- [Assigned task] Please repeat the lines below, exactly and only, from the one that holds "undefined symbols (not" through the one that holds "Reinterpret1 : xbsIndex_r4/Reinterpret".
>>
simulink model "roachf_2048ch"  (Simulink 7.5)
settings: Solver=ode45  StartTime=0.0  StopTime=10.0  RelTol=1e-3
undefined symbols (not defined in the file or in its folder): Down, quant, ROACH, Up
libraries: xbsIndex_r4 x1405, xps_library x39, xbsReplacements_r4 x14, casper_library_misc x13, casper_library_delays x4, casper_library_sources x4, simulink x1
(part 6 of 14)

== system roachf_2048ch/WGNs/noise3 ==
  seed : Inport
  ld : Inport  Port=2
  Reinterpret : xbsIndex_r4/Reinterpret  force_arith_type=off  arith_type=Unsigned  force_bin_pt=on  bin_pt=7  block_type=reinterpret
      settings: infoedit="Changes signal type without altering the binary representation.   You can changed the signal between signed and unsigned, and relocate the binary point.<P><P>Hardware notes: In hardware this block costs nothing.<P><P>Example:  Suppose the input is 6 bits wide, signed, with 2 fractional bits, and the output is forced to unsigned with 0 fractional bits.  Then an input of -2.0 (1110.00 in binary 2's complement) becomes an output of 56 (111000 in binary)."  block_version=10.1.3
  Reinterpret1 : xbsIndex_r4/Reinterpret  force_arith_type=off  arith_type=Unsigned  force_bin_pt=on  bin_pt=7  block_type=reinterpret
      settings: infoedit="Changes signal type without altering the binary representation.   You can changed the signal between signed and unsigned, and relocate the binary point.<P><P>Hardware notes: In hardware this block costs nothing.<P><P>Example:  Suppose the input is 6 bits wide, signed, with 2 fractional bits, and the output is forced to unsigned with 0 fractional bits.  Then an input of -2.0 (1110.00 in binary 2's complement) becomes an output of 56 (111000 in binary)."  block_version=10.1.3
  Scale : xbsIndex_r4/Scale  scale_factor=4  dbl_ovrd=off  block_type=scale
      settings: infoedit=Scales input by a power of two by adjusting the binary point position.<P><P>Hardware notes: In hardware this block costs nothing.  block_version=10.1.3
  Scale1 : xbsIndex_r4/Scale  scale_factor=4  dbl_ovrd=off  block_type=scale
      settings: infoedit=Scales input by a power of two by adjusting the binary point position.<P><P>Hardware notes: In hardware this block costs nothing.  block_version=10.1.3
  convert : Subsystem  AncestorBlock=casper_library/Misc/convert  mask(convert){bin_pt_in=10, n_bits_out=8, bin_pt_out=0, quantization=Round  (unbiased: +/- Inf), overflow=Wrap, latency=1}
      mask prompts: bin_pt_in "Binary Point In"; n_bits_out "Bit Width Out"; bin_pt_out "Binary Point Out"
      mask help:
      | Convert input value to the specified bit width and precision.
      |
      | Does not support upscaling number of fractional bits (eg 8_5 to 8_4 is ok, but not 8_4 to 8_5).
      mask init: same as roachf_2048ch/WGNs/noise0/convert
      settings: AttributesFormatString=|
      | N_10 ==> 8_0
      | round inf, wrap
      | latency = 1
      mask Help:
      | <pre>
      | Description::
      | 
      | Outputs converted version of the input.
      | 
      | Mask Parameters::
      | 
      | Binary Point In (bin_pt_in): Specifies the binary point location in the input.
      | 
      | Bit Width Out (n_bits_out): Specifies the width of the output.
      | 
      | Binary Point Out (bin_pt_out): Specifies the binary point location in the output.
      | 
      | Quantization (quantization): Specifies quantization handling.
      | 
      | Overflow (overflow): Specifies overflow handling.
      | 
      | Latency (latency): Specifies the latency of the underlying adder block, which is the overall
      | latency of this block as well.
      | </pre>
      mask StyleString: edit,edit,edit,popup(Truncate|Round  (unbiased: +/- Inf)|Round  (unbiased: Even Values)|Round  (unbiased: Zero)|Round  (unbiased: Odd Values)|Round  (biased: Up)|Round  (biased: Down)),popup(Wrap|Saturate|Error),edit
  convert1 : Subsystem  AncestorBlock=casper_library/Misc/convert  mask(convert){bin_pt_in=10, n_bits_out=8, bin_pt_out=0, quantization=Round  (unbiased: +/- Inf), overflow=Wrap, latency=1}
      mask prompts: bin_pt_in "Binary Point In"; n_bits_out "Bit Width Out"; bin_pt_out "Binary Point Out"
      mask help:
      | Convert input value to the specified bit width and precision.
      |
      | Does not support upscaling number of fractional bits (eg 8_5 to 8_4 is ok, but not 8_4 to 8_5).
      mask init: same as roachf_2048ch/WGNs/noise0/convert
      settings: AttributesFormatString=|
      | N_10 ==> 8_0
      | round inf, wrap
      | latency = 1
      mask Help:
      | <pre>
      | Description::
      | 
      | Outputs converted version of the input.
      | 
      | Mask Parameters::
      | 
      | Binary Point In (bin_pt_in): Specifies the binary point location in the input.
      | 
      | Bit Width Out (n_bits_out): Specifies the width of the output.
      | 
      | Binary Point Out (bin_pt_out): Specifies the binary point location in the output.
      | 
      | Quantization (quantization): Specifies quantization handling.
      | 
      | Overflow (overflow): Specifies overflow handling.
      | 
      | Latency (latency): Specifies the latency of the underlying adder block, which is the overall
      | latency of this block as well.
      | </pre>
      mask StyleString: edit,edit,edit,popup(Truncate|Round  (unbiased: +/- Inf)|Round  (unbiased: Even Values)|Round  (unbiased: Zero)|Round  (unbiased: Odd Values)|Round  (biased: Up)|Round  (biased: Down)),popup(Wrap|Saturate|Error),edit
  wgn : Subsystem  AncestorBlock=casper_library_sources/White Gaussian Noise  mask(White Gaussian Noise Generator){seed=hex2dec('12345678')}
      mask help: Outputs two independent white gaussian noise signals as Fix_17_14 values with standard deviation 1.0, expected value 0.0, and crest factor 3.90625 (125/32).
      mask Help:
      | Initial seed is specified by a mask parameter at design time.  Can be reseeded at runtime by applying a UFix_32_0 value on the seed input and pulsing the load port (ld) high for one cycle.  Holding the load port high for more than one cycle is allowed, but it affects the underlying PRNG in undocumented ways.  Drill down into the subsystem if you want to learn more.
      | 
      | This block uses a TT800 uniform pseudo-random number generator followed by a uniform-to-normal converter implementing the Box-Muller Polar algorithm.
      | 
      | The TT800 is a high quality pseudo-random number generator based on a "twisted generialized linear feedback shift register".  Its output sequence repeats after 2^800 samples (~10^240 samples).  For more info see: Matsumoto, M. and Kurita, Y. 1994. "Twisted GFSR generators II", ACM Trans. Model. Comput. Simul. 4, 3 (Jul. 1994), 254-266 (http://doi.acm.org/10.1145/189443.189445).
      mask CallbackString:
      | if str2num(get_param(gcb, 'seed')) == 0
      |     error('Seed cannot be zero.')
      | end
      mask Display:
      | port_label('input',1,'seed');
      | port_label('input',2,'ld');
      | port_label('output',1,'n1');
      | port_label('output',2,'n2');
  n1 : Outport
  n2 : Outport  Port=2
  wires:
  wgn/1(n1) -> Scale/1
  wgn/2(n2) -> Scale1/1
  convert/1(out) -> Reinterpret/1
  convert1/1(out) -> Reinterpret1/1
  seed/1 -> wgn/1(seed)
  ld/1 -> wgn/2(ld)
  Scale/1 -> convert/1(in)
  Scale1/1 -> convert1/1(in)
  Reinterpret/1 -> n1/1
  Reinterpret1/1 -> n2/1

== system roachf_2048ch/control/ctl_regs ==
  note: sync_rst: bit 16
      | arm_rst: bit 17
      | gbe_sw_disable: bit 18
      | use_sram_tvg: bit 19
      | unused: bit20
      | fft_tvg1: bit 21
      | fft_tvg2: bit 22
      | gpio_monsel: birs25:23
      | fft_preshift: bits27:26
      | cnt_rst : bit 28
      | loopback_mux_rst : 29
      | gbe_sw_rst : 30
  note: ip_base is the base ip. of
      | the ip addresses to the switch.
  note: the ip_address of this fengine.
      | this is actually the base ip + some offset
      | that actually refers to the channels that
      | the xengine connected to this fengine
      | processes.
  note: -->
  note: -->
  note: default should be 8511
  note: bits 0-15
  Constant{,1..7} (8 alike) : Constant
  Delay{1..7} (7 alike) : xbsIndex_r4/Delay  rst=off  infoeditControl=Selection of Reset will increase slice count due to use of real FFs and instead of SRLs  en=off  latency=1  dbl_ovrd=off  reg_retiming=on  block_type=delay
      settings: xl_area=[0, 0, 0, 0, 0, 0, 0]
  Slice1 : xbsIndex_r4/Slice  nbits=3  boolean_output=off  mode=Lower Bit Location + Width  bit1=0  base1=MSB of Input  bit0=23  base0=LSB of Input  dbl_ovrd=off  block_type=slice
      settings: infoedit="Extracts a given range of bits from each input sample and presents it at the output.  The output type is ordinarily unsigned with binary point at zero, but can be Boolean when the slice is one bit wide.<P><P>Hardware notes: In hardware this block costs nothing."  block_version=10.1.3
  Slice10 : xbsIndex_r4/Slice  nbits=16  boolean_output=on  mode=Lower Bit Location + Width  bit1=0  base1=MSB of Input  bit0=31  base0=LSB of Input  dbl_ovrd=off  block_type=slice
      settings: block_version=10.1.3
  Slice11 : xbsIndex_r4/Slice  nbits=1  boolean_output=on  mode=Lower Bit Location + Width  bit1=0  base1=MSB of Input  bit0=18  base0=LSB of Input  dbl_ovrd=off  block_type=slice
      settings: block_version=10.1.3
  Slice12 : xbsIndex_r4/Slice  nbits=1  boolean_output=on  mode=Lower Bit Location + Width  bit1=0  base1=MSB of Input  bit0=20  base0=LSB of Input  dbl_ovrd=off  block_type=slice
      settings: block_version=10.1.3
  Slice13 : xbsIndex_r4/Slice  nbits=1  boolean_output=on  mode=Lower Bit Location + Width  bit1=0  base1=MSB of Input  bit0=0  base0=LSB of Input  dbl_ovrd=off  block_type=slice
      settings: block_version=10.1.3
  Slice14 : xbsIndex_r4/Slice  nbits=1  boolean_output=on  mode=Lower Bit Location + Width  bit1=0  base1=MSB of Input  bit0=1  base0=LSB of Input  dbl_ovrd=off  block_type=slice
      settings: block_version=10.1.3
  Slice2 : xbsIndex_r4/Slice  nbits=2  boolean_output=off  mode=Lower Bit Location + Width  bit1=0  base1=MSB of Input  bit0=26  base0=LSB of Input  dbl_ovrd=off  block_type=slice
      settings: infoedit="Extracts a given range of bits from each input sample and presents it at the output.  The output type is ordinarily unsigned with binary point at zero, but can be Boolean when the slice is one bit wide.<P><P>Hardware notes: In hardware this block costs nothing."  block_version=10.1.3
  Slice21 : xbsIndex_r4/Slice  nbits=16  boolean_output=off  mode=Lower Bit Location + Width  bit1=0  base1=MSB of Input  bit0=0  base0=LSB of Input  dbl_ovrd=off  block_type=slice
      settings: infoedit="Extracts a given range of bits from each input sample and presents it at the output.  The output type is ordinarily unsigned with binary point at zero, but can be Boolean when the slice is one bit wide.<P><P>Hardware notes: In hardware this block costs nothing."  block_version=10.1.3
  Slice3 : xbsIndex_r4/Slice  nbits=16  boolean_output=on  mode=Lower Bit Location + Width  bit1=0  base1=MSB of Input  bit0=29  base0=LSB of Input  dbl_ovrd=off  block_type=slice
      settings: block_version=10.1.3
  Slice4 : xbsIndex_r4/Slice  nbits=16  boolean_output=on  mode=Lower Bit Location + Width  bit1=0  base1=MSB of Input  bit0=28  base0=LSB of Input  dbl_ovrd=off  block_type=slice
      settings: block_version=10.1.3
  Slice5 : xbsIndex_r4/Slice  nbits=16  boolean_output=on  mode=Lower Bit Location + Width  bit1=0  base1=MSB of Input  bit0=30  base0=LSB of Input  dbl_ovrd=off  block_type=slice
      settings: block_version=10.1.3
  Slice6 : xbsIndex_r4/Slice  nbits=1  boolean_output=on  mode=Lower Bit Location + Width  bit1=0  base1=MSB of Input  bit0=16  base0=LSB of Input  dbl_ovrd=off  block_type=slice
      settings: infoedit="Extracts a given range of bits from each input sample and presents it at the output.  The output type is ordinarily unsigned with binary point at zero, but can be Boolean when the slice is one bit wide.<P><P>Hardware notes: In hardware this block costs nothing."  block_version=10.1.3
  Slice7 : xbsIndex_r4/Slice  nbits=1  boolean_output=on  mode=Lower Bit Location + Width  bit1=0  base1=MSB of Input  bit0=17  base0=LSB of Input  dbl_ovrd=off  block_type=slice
<<
- [Exercise answer]
undefined symbols (not defined in the file or in its folder): Down, quant, ROACH, Up
libraries: xbsIndex_r4 x1405, xps_library x39, xbsReplacements_r4 x14, casper_library_misc x13, casper_library_delays x4, casper_library_sources x4, simulink x1
(part 6 of 14)

== system roachf_2048ch/WGNs/noise3 ==
  seed : Inport
  ld : Inport  Port=2
  Reinterpret : xbsIndex_r4/Reinterpret  force_arith_type=off  arith_type=Unsigned  force_bin_pt=on  bin_pt=7  block_type=reinterpret
      settings: infoedit="Changes signal type without altering the binary representation.   You can changed the signal between signed and unsigned, and relocate the binary point.<P><P>Hardware notes: In hardware this block costs nothing.<P><P>Example:  Suppose the input is 6 bits wide, signed, with 2 fractional bits, and the output is forced to unsigned with 0 fractional bits.  Then an input of -2.0 (1110.00 in binary 2's complement) becomes an output of 56 (111000 in binary)."  block_version=10.1.3
  Reinterpret1 : xbsIndex_r4/Reinterpret  force_arith_type=off  arith_type=Unsigned  force_bin_pt=on  bin_pt=7  block_type=reinterpret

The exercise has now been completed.